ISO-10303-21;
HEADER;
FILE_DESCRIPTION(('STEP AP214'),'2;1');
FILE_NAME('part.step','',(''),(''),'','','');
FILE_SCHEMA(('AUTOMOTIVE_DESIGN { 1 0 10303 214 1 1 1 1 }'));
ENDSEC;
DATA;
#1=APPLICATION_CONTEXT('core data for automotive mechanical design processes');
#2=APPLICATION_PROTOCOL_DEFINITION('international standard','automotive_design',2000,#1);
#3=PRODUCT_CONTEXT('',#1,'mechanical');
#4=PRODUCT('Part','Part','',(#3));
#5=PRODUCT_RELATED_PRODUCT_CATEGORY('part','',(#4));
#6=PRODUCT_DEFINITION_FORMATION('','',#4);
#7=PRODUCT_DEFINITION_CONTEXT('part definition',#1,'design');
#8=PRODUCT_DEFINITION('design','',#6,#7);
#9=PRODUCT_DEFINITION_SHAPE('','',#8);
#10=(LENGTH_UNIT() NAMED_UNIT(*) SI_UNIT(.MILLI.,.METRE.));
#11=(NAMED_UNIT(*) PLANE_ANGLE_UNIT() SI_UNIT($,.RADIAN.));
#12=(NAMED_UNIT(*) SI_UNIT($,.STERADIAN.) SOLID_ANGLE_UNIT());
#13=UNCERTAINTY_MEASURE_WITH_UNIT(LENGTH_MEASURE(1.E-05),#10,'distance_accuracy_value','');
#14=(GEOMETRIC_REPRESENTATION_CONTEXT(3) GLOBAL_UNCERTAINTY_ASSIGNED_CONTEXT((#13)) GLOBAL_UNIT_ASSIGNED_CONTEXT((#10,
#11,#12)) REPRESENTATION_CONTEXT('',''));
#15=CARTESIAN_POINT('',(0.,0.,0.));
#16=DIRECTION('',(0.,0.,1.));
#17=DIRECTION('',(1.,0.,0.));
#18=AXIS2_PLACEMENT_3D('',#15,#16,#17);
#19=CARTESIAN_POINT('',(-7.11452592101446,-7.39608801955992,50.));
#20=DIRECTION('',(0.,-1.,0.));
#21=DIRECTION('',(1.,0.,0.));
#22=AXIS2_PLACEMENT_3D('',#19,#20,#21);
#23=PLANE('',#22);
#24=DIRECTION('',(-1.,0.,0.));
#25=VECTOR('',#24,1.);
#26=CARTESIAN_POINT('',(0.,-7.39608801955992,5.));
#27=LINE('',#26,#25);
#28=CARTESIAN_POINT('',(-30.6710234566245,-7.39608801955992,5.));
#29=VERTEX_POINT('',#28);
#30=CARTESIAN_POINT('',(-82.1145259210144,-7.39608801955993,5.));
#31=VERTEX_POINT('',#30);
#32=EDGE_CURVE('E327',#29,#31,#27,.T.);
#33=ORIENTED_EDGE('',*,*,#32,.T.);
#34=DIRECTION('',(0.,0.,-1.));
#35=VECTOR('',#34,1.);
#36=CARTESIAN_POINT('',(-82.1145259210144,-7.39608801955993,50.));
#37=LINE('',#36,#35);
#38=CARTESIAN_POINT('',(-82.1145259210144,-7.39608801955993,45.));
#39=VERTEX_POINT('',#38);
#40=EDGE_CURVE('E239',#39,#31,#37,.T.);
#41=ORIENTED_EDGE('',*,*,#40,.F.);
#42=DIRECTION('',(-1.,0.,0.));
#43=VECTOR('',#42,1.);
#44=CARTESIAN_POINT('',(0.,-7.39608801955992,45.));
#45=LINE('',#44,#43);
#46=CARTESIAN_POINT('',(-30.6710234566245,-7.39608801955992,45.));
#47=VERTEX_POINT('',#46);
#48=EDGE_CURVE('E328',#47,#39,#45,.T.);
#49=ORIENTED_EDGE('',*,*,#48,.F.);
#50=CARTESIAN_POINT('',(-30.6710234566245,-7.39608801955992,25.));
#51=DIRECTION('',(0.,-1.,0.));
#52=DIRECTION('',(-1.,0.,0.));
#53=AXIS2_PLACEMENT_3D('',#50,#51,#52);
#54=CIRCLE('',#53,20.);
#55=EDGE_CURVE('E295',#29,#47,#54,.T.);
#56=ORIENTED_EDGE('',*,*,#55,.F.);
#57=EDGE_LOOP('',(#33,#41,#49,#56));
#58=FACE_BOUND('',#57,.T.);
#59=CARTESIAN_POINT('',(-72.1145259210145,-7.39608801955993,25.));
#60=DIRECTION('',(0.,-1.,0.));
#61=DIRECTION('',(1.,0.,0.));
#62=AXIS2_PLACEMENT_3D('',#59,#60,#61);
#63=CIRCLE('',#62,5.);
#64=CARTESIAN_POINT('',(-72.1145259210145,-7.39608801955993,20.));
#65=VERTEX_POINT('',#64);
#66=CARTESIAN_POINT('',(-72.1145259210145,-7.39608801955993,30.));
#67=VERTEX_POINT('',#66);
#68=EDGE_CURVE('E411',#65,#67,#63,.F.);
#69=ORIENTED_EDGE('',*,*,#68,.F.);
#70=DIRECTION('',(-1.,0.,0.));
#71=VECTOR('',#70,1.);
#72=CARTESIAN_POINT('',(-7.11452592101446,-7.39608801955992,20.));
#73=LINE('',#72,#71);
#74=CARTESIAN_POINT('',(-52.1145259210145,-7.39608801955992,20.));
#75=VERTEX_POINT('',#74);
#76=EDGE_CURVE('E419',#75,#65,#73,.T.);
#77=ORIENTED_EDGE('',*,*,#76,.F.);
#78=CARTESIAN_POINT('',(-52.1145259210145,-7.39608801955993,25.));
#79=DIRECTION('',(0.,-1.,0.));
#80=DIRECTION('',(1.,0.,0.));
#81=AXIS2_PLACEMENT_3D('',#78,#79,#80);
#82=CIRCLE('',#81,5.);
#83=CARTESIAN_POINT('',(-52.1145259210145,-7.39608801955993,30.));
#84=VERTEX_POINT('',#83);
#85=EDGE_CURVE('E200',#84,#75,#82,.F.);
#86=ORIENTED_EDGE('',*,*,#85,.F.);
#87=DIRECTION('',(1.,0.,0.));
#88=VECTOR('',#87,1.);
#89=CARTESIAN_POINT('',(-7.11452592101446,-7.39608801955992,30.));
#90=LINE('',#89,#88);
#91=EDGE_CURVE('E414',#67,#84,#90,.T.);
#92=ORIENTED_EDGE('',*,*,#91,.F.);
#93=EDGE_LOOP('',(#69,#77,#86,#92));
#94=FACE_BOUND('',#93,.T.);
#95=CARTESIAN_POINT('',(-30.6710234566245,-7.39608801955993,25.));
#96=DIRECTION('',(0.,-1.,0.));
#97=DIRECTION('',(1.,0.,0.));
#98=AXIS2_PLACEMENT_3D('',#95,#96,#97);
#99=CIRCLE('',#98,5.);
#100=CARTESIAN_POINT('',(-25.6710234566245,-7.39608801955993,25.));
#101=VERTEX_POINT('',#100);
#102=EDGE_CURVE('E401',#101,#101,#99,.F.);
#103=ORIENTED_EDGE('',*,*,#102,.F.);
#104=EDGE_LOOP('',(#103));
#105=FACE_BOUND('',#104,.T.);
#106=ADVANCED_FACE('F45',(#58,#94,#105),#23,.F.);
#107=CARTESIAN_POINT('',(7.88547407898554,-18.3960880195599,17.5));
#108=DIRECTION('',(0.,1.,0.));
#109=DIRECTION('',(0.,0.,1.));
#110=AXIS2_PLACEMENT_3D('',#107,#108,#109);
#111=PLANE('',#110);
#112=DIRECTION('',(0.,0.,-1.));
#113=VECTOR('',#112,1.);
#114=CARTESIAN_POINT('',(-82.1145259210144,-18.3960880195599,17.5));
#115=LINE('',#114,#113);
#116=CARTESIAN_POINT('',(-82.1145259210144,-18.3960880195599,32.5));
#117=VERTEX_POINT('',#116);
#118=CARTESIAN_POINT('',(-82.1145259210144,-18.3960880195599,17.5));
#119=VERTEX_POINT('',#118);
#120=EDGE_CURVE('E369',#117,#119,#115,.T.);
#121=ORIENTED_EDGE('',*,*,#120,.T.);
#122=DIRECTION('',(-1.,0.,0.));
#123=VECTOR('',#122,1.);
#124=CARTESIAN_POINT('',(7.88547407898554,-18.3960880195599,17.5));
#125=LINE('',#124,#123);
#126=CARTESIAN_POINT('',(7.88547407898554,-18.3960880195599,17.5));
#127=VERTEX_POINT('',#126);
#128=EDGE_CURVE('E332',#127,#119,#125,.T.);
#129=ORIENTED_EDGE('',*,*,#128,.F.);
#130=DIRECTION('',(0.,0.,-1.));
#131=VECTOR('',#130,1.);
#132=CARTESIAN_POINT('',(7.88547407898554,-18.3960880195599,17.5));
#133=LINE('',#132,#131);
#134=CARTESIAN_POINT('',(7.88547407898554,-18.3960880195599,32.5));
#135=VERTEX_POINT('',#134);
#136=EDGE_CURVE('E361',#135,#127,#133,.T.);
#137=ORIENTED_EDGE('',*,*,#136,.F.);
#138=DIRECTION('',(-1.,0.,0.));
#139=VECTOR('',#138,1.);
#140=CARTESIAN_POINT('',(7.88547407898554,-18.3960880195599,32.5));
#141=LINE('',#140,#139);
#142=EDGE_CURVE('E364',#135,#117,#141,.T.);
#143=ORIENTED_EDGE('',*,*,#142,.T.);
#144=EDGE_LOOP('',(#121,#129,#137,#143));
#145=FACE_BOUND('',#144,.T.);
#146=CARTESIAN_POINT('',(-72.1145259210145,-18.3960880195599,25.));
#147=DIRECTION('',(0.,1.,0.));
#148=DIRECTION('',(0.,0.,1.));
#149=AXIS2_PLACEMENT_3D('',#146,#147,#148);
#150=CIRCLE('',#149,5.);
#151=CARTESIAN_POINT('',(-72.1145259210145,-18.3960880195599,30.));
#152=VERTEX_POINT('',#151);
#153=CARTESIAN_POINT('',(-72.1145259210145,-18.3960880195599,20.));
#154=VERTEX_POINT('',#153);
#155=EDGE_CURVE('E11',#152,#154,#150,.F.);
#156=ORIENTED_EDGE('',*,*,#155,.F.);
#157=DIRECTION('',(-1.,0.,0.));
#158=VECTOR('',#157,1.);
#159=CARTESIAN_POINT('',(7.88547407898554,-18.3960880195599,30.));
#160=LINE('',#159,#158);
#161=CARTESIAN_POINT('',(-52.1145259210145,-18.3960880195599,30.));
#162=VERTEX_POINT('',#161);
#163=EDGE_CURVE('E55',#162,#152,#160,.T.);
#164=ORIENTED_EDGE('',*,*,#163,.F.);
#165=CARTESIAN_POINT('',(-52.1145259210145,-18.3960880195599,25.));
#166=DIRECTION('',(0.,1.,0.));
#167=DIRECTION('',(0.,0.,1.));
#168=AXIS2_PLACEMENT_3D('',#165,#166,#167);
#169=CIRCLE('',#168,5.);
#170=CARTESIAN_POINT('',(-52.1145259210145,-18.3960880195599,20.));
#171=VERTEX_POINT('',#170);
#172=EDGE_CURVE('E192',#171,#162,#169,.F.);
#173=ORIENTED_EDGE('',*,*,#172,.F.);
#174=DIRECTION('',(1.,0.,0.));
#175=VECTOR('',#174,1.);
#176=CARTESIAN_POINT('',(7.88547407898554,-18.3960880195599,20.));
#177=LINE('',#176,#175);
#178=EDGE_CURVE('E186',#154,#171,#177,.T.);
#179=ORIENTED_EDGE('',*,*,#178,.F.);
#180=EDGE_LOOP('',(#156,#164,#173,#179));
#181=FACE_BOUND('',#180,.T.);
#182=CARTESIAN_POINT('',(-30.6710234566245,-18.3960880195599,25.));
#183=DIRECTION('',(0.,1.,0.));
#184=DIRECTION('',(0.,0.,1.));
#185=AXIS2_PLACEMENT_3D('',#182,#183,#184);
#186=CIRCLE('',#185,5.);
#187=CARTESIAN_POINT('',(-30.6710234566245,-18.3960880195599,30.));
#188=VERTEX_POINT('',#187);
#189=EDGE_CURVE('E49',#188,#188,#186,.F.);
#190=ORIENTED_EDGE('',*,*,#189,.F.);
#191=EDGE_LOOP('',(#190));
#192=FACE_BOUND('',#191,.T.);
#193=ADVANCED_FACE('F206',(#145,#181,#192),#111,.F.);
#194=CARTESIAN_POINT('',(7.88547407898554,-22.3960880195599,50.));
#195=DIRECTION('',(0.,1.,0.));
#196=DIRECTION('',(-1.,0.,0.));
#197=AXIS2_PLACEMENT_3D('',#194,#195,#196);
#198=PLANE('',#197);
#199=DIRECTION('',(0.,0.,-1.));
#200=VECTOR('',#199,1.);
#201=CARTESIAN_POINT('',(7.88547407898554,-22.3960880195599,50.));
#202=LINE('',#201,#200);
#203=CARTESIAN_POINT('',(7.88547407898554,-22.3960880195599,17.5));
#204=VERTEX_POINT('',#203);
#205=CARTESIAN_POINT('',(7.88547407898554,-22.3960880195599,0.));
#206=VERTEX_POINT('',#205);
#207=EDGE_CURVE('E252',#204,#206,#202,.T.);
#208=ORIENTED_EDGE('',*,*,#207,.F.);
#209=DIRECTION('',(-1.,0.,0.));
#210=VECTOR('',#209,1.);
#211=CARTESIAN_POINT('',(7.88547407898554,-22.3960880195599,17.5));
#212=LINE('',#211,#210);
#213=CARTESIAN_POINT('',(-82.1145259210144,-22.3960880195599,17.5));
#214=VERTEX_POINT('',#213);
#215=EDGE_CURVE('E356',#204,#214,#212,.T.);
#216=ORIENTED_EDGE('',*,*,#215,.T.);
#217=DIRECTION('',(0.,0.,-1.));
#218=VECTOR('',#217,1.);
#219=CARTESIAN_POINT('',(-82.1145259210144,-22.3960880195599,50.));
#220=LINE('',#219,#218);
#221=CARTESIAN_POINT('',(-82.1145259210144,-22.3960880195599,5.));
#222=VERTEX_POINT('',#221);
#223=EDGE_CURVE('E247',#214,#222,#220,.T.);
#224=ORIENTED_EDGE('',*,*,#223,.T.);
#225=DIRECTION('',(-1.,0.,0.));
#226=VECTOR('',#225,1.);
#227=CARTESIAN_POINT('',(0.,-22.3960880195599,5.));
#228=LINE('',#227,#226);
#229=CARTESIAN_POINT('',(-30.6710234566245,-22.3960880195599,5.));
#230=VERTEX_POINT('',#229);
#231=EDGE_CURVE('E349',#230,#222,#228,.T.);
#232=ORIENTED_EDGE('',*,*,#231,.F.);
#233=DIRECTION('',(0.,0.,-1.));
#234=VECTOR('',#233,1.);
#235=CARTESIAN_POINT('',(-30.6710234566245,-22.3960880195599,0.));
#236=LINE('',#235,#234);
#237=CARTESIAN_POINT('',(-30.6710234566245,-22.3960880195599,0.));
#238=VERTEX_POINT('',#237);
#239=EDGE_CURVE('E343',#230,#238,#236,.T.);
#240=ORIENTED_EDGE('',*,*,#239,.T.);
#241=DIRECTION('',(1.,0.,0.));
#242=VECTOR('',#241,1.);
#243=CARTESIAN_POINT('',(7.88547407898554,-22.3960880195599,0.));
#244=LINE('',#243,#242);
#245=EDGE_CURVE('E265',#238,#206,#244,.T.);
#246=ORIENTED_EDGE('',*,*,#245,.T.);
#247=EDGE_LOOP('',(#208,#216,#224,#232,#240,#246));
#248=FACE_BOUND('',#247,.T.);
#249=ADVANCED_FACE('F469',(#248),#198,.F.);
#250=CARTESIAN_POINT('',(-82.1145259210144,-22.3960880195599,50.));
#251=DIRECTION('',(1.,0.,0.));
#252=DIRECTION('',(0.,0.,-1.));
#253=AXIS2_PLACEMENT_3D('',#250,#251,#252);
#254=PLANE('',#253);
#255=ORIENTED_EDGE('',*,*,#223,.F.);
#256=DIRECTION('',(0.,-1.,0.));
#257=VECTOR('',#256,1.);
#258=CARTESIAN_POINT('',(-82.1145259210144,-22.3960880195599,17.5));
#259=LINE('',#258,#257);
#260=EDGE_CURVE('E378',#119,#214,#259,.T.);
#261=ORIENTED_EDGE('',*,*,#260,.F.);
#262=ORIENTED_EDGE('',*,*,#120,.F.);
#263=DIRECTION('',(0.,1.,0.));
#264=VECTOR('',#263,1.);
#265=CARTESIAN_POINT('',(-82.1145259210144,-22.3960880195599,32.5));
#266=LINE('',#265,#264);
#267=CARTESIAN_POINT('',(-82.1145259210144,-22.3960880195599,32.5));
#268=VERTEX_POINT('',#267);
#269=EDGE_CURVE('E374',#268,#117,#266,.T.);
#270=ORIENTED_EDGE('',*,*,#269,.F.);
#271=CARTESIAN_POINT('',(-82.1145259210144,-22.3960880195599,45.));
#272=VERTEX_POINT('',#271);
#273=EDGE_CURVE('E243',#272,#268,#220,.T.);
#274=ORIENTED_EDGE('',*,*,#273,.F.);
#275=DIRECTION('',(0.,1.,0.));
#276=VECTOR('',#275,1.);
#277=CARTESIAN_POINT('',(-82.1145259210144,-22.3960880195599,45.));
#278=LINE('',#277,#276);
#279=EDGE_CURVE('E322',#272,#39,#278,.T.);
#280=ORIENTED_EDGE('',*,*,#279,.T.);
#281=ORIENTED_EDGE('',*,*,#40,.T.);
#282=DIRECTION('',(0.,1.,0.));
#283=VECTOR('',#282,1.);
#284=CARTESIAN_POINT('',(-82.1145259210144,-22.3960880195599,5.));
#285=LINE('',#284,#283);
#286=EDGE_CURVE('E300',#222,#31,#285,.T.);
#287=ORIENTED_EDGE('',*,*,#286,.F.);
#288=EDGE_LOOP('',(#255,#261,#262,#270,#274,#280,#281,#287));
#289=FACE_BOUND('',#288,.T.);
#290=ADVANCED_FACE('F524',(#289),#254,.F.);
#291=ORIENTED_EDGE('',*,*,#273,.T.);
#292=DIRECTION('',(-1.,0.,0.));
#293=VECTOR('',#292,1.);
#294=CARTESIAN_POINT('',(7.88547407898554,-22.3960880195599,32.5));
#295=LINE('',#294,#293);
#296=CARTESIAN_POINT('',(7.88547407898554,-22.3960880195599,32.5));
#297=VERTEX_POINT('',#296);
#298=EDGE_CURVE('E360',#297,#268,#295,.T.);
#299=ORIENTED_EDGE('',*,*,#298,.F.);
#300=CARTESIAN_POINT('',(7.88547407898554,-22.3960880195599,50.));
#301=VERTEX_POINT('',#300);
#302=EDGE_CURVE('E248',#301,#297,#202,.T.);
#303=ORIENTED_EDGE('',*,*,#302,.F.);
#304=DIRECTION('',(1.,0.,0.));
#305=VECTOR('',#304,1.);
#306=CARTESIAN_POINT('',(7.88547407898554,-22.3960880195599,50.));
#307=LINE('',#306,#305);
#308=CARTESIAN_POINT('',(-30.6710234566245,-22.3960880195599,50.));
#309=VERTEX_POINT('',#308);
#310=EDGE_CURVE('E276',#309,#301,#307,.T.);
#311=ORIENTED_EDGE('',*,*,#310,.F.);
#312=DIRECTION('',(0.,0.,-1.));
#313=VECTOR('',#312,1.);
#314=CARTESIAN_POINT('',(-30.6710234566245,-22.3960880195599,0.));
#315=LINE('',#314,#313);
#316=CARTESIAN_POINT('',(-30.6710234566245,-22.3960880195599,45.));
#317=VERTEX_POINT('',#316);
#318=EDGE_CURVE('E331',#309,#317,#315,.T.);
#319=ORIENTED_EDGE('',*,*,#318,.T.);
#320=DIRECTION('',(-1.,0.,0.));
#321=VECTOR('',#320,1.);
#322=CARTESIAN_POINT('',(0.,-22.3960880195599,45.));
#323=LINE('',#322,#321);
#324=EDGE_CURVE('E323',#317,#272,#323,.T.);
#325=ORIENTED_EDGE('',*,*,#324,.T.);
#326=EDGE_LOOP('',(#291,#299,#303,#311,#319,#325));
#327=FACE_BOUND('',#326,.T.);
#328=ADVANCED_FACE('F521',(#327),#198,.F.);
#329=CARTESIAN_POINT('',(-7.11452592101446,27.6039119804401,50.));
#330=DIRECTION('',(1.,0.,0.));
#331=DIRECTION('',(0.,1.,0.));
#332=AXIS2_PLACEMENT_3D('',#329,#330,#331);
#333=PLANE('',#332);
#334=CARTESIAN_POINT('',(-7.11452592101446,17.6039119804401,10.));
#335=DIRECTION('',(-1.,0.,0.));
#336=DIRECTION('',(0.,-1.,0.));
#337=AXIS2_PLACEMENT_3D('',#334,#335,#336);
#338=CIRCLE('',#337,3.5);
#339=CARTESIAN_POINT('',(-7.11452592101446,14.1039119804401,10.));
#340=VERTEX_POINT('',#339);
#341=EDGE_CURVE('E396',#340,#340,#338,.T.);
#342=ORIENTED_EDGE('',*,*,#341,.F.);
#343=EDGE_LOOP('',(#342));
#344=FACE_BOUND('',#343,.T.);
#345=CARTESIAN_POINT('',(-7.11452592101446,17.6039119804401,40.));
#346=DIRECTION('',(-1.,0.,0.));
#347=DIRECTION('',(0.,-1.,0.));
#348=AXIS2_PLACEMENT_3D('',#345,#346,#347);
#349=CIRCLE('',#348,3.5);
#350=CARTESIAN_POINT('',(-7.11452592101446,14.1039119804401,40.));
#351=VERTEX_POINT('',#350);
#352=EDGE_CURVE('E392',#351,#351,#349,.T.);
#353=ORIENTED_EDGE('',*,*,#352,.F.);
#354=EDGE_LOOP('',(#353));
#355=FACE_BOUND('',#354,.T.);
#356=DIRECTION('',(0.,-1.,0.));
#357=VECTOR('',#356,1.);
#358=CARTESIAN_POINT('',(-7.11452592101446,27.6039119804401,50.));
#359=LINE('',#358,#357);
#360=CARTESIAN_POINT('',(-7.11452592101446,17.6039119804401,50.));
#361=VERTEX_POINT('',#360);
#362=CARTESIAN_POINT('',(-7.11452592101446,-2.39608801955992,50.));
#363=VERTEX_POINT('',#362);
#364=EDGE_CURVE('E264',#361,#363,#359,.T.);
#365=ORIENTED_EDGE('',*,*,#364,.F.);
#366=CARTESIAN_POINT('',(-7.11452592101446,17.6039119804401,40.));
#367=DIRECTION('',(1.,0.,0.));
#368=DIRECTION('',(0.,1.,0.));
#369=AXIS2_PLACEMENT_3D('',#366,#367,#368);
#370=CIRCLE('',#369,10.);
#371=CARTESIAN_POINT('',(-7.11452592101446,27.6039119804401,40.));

------------------------------

- **WHAT YOU SHOULD DO**
Using the data above, transcribe the lines that run from the line with "#287=ORIENTED_EDGE('',*,*,#286,.F.);" to the line with "#324=EDGE_CURVE('E323',#317,#272,#323,.T.);", both ends kept, and output nothing else.

- **WRITTEN SOLUTION**
#287=ORIENTED_EDGE('',*,*,#286,.F.);
#288=EDGE_LOOP('',(#255,#261,#262,#270,#274,#280,#281,#287));
#289=FACE_BOUND('',#288,.T.);
#290=ADVANCED_FACE('F524',(#289),#254,.F.);
#291=ORIENTED_EDGE('',*,*,#273,.T.);
#292=DIRECTION('',(-1.,0.,0.));
#293=VECTOR('',#292,1.);
#294=CARTESIAN_POINT('',(7.88547407898554,-22.3960880195599,32.5));
#295=LINE('',#294,#293);
#296=CARTESIAN_POINT('',(7.88547407898554,-22.3960880195599,32.5));
#297=VERTEX_POINT('',#296);
#298=EDGE_CURVE('E360',#297,#268,#295,.T.);
#299=ORIENTED_EDGE('',*,*,#298,.F.);
#300=CARTESIAN_POINT('',(7.88547407898554,-22.3960880195599,50.));
#301=VERTEX_POINT('',#300);
#302=EDGE_CURVE('E248',#301,#297,#202,.T.);
#303=ORIENTED_EDGE('',*,*,#302,.F.);
#304=DIRECTION('',(1.,0.,0.));
#305=VECTOR('',#304,1.);
#306=CARTESIAN_POINT('',(7.88547407898554,-22.3960880195599,50.));
#307=LINE('',#306,#305);
#308=CARTESIAN_POINT('',(-30.6710234566245,-22.3960880195599,50.));
#309=VERTEX_POINT('',#308);
#310=EDGE_CURVE('E276',#309,#301,#307,.T.);
#311=ORIENTED_EDGE('',*,*,#310,.F.);
#312=DIRECTION('',(0.,0.,-1.));
#313=VECTOR('',#312,1.);
#314=CARTESIAN_POINT('',(-30.6710234566245,-22.3960880195599,0.));
#315=LINE('',#314,#313);
#316=CARTESIAN_POINT('',(-30.6710234566245,-22.3960880195599,45.));
#317=VERTEX_POINT('',#316);
#318=EDGE_CURVE('E331',#309,#317,#315,.T.);
#319=ORIENTED_EDGE('',*,*,#318,.T.);
#320=DIRECTION('',(-1.,0.,0.));
#321=VECTOR('',#320,1.);
#322=CARTESIAN_POINT('',(0.,-22.3960880195599,45.));
#323=LINE('',#322,#321);
#324=EDGE_CURVE('E323',#317,#272,#323,.T.);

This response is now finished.